Message Received: Paul Steinbeck on the Art Ensemble of Chicago

During his Faculty Fellowship with the Center for the Humanities in fall 2014, Paul Steinbeck, assistant professor of music, completed the fourth chapter of Message to Our Folks: The Art Ensemble of Chicago, Improvisation, and Great Black Music, under contract with the University of Chicago Press. It’s scheduled for release in 2016, the 50th anniversary of the musical group’s founding. We asked him for an early glimpse of this work in progress.


Briefly, what is your book about?
It’s a history of the Art Ensemble of Chicago, one of the most significant African-American musical groups to emerge in the 1960s. There are a lot of ways to write a history; this one combines historical inquiry with detailed analyses of the group’s Art Ensemble founder Roscoe Mitchell gives a talk Fri., Dec. 5; see cenhum.artsci.wustl.edu/events.performances, an interdisciplinary approach rarely employed in jazz studies and improvisation studies.

What is the Art Ensemble?
It’s a group of African-American musicians who emerged from Chicago’s Association for the Advancement of Creative Musicians [AACM] in the late 1960s. They were an international phenomenon, an innovative, experimental jazz group that played hundreds of instruments from around the world, wore symbolic costumes and face paint, recited poetry and performed theatrical sketches during their shows. You might call them an experimental music group or a performance art group. Their motto was “Great Black Music — Ancient to the Future.”

They were also an economic cooperative that pooled their resources. They were very conscious of hard-working American musicians who didn’t have anything to show for it. When the group moved to Paris in 1969, they became minor celebrities but they did everything cooperatively: lived in a house together, bought trucks together and the like. It allowed them to grow their business and reach greater heights. When they made money, they invested in new instruments or saved it, which allowed them to be more selective about their gigs. They subordinated their egos for the greater good. Eventually they were able to buy houses and put their kids through college. One member, Lester Bowie [a St. Louisan], even gave financial lessons to other musicians.

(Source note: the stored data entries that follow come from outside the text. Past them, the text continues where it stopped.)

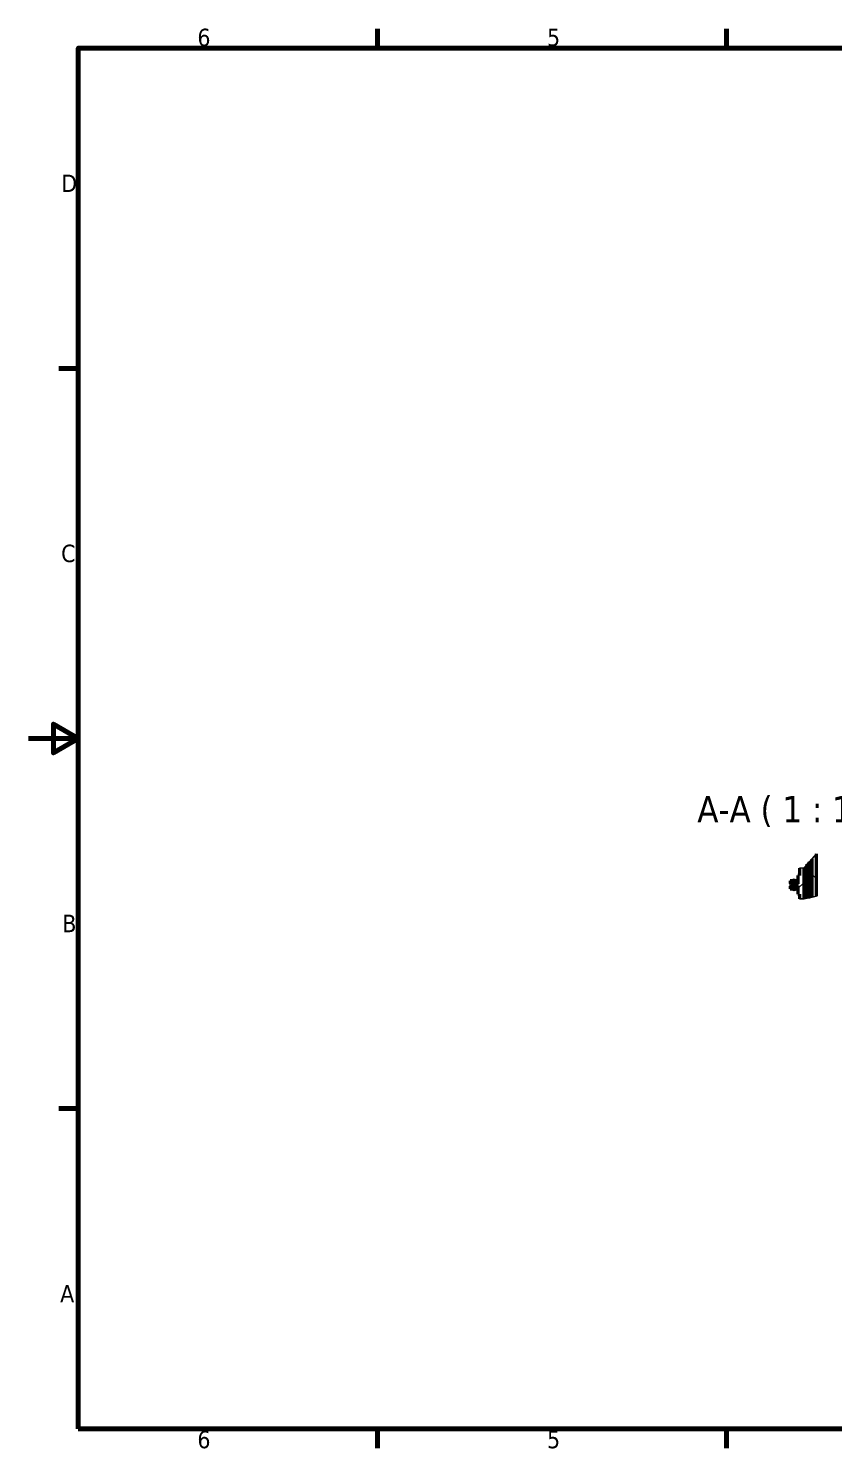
# Model space of a CAD drawing. Header units: millimetres. Extents: x 0 to 6720, y 0 to 4752.
# Drawn here: x 0 to 2583, y 96 to 4655 of the extents above; entities that cross this region are included whole.
import ezdxf

# ---------------------------------------------------------------- set-up
doc = ezdxf.new("R2010")
doc.units = ezdxf.units.MM
doc.header["$LTSCALE"] = 16
for name, color, linetype, lineweight in [('Kreskowanie (ISO)', 7, 'Continuous', 18), ('Linia przerwania (ISO)', 7, 'Continuous', 25), ('Obramowanie (ISO)', 7, 'Continuous', 70), ('Symbol (ISO)', 7, 'Continuous', 25), ('Widoczne (ISO)', 7, 'Continuous', 50)]:
    doc.layers.add(name, color=color, linetype=linetype, lineweight=lineweight)
doc.styles.add('Tekst etykiety (ISO)', font='tahoma.ttf')
doc.styles.add('Tekst notatki (ISO)', font='tahoma.ttf')
pattern_1 = [(120.0002, (0, 0), (-43.994, -25.4001), [])]

# ---------------------------------------------------------------- blocks, each defined once
blk = doc.blocks.new('Ramki Ramka domyślna')
at = {"layer": 'Obramowanie (ISO)'}
for p, q in [((70, 287), (70, 290.9)), ((140, 287), (140, 290.9)), ((10, 222.75), (6.1, 222.75)), ((10, 74.25), (6.1, 74.25)), ((70, 10), (70, 6.1)), ((140, 10), (140, 6.1))]:
    blk.add_line(p, q, dxfattribs=at)
at = {"layer": 'Obramowanie (ISO)', "flags": 128}
for points in [[(10, 10), (10, 287), (410, 287), (410, 10), (10, 10)], [(0, 148.5), (10, 148.5), (5, 151.39), (5, 145.61), (10, 148.5)]]:
    blk.add_lwpolyline(points, dxfattribs=at)
at = {"layer": 'Obramowanie (ISO)', "char_height": 3.5, "attachment_point": 7, "style": 'Tekst notatki (ISO)'}
for s, insert in [('6', (33.88, 287.33)), ('5', (103.98, 287.33)), ('D', (6.57, 258.13)), ('C', (6.56, 183.81)), ('B', (6.78, 109.63)), ('A', (6.36, 35.38)), ('6', (33.88, 6.03)), ('5', (103.98, 6.03))]:
    blk.add_mtext(s, dxfattribs=dict(at, insert=insert))

msp = doc.modelspace()

# ---------------------------------------------------------------- hatches: boundary and pattern name
at = {"layer": 'Kreskowanie (ISO)'}
h = msp.add_hatch(dxfattribs=at)
h.set_pattern_fill('ANSI31', color=256, scale=406.4, style=0)
h.set_pattern_definition([(45, (0, 0), (-35.921, 35.921), [])])
h.paths.add_polyline_path([(2473.6, 1959.9), (2473.6, 1936.1), (2468.6, 1936.1), (2468.6, 1918.6), (2468.6, 1910.1), (2468.6, 1909.1), (2467.1, 1909.1), (2466.6, 1909.1), (2466.6, 1911.3), (2463.1, 1911.3), (2462.1, 1910.3), (2462.1, 1901.8), (2463.1, 1900.8), (2466.6, 1900.8), (2466.6, 1903), (2467.1, 1903), (2468.6, 1903), (2468.6, 1902), (2468.6, 1893.6), (2468.6, 1876.1), (2473.6, 1876.1), (2473.6, 1861.2), (2487.7, 1860.8), (2488.6, 1861), (2488.6, 1961.7), (2487.7, 1960.7)])
h = msp.add_hatch(dxfattribs=at)
h.set_pattern_fill('ANSI31', color=256, scale=406.4, angle=90.0002, style=0)
h.set_pattern_definition([(135.0002, (0, 0), (-35.9209, -35.92116), [])])
h.paths.add_polyline_path([(2513.6, 1988.9), (2513.6, 1866.5), (2528.6, 1869.8), (2528.6, 2005.2)])
h = msp.add_hatch(dxfattribs=at)
h.set_pattern_fill('ANSI31', color=256, scale=406.4, angle=15, style=0)
h.set_pattern_definition([(60, (0, 0), (-43.9941, 25.4), [])])
h.paths.add_polyline_path([(2443.6, 1910.6), (2444.6, 1909.1), (2445.6, 1909.1), (2445.6, 1911.3), (2449.1, 1911.3), (2450.1, 1910.3), (2450.1, 1901.8), (2449.1, 1900.8), (2445.6, 1900.8), (2445.6, 1903), (2444.6, 1903), (2443.6, 1901.5), (2443.6, 1893.6), (2453, 1893.6), (2453, 1895.6), (2450.8, 1895.6), (2450.8, 1899.1), (2451.8, 1900.1), (2460.3, 1900.1), (2461.3, 1899.1), (2461.3, 1895.6), (2459.1, 1895.6), (2459.1, 1893.6), (2468.6, 1893.6), (2468.6, 1902), (2467.1, 1903), (2466.6, 1903), (2466.6, 1900.8), (2463.1, 1900.8), (2462.1, 1901.8), (2462.1, 1910.3), (2463.1, 1911.3), (2466.6, 1911.3), (2466.6, 1909.1), (2467.1, 1909.1), (2468.6, 1910.1), (2468.6, 1918.6), (2459.1, 1918.6), (2459.1, 1916.6), (2461.3, 1916.6), (2461.3, 1913.1), (2460.3, 1912.1), (2451.8, 1912.1), (2450.8, 1913.1), (2450.8, 1916.6), (2453, 1916.6), (2453, 1918.6), (2443.6, 1918.6)])
edge = h.paths.add_edge_path(flags=0)
edge.add_ellipse((2464.8, 1897.3), major_axis=(-2.1, 0), ratio=1, start_angle=0, end_angle=360)
edge = h.paths.add_edge_path(flags=0)
edge.add_ellipse((2464.8, 1914.8), major_axis=(-2.1, 0), ratio=1, start_angle=0, end_angle=360)
edge = h.paths.add_edge_path(flags=0)
edge.add_ellipse((2447.3, 1897.3), major_axis=(-2.1, 0), ratio=1, start_angle=0, end_angle=360)
edge = h.paths.add_edge_path(flags=0)
edge.add_ellipse((2447.3, 1914.8), major_axis=(-2.1, 0), ratio=1, start_angle=0, end_angle=360)
edge = h.paths.add_edge_path(flags=0)
edge.add_ellipse((2456.1, 1906.1), major_axis=(-4.25, 0), ratio=1, start_angle=0, end_angle=360)
h = msp.add_hatch(dxfattribs=at)
h.set_pattern_fill('ANSI31', color=256, scale=406.4, angle=75.0002, style=0)
h.set_pattern_definition(pattern_1)
h.paths.add_polyline_path([(2459.3, 1920.4), (2453.3, 1920.4), (2453.3, 1920.1), (2459.3, 1920.1)])
h = msp.add_hatch(dxfattribs=at)
h.set_pattern_fill('ANSI31', color=256, scale=406.4, angle=75.0002, style=0)
h.set_pattern_definition(pattern_1)
h.paths.add_polyline_path([(2453.3, 1891.8), (2459.3, 1891.8), (2459.3, 1892.1), (2453.3, 1892.1)])

# ---------------------------------------------------------------- linework, layer by layer
at = {"layer": 'Linia przerwania (ISO)'}
for p, q in [((2487.7, 1960.7), (2473.6, 1959.9)), ((2488.6, 1961.7), (2487.7, 1960.7)), ((2488.6, 1961.7), (2497, 1970.9)), ((2497, 1970.9), (2498, 1972)), ((2498, 1972), (2504.1, 1978.6)), ((2504.1, 1978.6), (2505.6, 1980.2)), ((2505.6, 1980.2), (2513.6, 1988.9)), ((2528.6, 2005.2), (2513.6, 1988.9)), ((2528.6, 1869.8), (2513.6, 1866.5)), ((2487.7, 1860.8), (2473.6, 1861.2)), ((2488.6, 1861), (2487.7, 1860.8)), ((2497, 1862.8), (2488.6, 1861)), ((2498, 1863.1), (2497, 1862.8)), ((2504.1, 1864.4), (2498, 1863.1)), ((2505.6, 1864.7), (2504.1, 1864.4)), ((2513.6, 1866.5), (2505.6, 1864.7))]:
    msp.add_line(p, q, dxfattribs=at)
at = {"layer": 'Widoczne (ISO)'}
for p, q in [((2488.6, 1861), (2488.6, 1961.7)), ((2497, 1970.9), (2497, 1862.8)), ((2498, 1863.1), (2498, 1972)), ((2504.1, 1978.6), (2504.1, 1864.4)), ((2505.6, 1864.7), (2505.6, 1980.2)), ((2513.6, 1988.9), (2513.6, 1866.5)), ((2528.6, 1869.8), (2528.6, 2005.2)), ((2453, 1918.6), (2443.6, 1918.6)), ((2443.6, 1918.6), (2443.6, 1910.6)), ((2450.8, 1913.1), (2450.8, 1916.6)), ((2450.8, 1916.6), (2453, 1916.6)), ((2451.1, 1912.8), (2451.1, 1916.6)), ((2451.2, 1918.6), (2451.2, 1924.1)), ((2451.2, 1924.1), (2451.7, 1924.1)), ((2451.2, 1912.7), (2451.2, 1916.6)), ((2451.7, 1918.6), (2451.7, 1924.1)), ((2452.3, 1921.6), (2451.7, 1924.1)), ((2451.7, 1912.2), (2451.7, 1916.6)), ((2452.3, 1918.6), (2452.3, 1921.6)), ((2452.3, 1920), (2453.3, 1920)), ((2452.3, 1919.9), (2453.3, 1919.9)), ((2452.3, 1919.5), (2460.8, 1919.5)), ((2452.3, 1918.8), (2460.8, 1918.8)), ((2452.3, 1912.1), (2452.3, 1916.6)), ((2452.3, 1915.3), (2460.8, 1915.3)), ((2453, 1916.6), (2453, 1918.6)), ((2453, 1917.9), (2459.1, 1917.9)), ((2453, 1916.7), (2459.1, 1916.7)), ((2459.3, 1920.4), (2453.3, 1920.4)), ((2453.3, 1920.4), (2453.3, 1920.1)), ((2453.3, 1920.4), (2453.3, 1920.4)), ((2459.3, 1920.4), (2453.3, 1920.4)), ((2453.3, 1920.1), (2459.3, 1920.1)), ((2453.3, 1919.7), (2453.3, 1920.1)), ((2459.3, 1919.7), (2453.3, 1919.7)), ((2468.6, 1918.6), (2459.1, 1918.6)), ((2459.1, 1918.6), (2459.1, 1916.6)), ((2459.1, 1916.6), (2461.3, 1916.6)), ((2459.3, 1920.1), (2459.3, 1920.4)), ((2459.3, 1920.4), (2459.3, 1920.4)), ((2459.3, 1920.1), (2459.3, 1919.7)), ((2459.3, 1920), (2460.8, 1920)), ((2459.3, 1919.9), (2460.8, 1919.9)), ((2460.8, 1921.6), (2461.5, 1924.1)), ((2460.8, 1921.6), (2460.8, 1918.6)), ((2460.8, 1916.6), (2460.8, 1912.6)), ((2461.3, 1916.6), (2461.3, 1913.1)), ((2461.5, 1924.1), (2461.5, 1918.6)), ((2462, 1924.1), (2461.5, 1924.1)), ((2462, 1924.1), (2462, 1918.6)), ((2462.7, 1915.1), (2466.6, 1915.1)), ((2466.6, 1913.7), (2466.6, 1915.1)), ((2466.9, 1914.7), (2466.6, 1915.1)), ((2466.8, 1921.9), (2466.8, 1923.4)), ((2466.8, 1921.1), (2466.8, 1921.2)), ((2466.8, 1919.8), (2466.8, 1921.1)), ((2467.5, 1921.1), (2467.5, 1921.9)), ((2467.6, 1924.3), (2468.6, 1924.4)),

How did you come to know the Art Ensemble?
As a student at the University of Chicago, I participated in the undergraduate jazz ensemble, directed by Mwata Bowden, who was also a former president of the AACM. He exposed us to this whole world. Playing the acoustic bass, I was struggling to be heard. He turned me on to Malachi Favors, who played bass for the Art Ensemble, and I started listening to him. A couple of years later, I spotted him at the Hyde Park Co-op. My jazz hero in the bread aisle! I’m sure I made some clumsy introduction, but he was very friendly and personable, if only in a few words. Later, when I was interviewing his daughter and siblings for the book [Favors died in 2004], they told me about his military service in the 1950s, and how he used to bring them things like Swiss chocolate and toothbrushes from his tours overseas. We tend to put people on pedestals, but they’re even more remarkable when they’re just people. But that day, I did continue to trail Favors around the store.
Paul Steinbeck performing in the Duke Ellington Jazz Festival at Bohemian Caverns in Washington, D.C. (Photo: Jean-Francois Kalka)
Tell us about your research for the book.
I conducted archival research at Paris’ Bibliotèque nationale; New York’s Institute of Jazz Studies at Rutgers and the New York Public Library; and Chicago’s Center for Black Music Research, the Chicago History Museum, the Chicago Jazz Archive, and the Art Ensemble’s own collection. It was sometimes challenging to get interviews with group members, but I did get them. I went to Chicago, Paris, New York City to interview members, family, business contacts. Talking with them directly had a big impact. When I’m listening to their performances or watching them on YouTube, I’m trying to figure out what’s going on — the improvising, the decision-making, the contingencies. But hearing is always subjective. I don’t want to privilege mine. Having a conversation with them, listening to them muse on what happened before or after the performance — I wouldn’t be able to write a book like this without their insight.

Your book is the first monograph on the Art Ensemble. Why do you think that is?
Scholars have written about the group before — in the U.S., France, Italy, Germany. There’s a huge volume of words in other forms. Mine is the first to give the group book-length treatment.

As a professional musician [Steinbeck plays acoustic bass], how do you think you might hear the group’s performances differently from others who might be examining them?
I have technical insight; I can identify technique and understand the physical aspects of performing. It also helps that I improvise and I know this particular scene after studying music with close colleagues of the Art Ensemble.

Where did your book title (Message to Our Folks) come from?
It’s the name of a 1969 Art Ensemble album. It says music has a message; it communicates more than sound. There’s also the question of who “our folks” is. Is it African Americans on the south side of Chicago? All African Americans? Members of the African diaspora? All music listeners? This album title reflects that the group was concerned with ideas as well as music — with having an impact, modeling a community.

What might interest others outside your field in this book?
The book has fun anecdotes about people and events, and I think they’ll enjoy the big personalities and radical thinking. Those in cultural studies, performance studies and musicians should find a lot for them, too.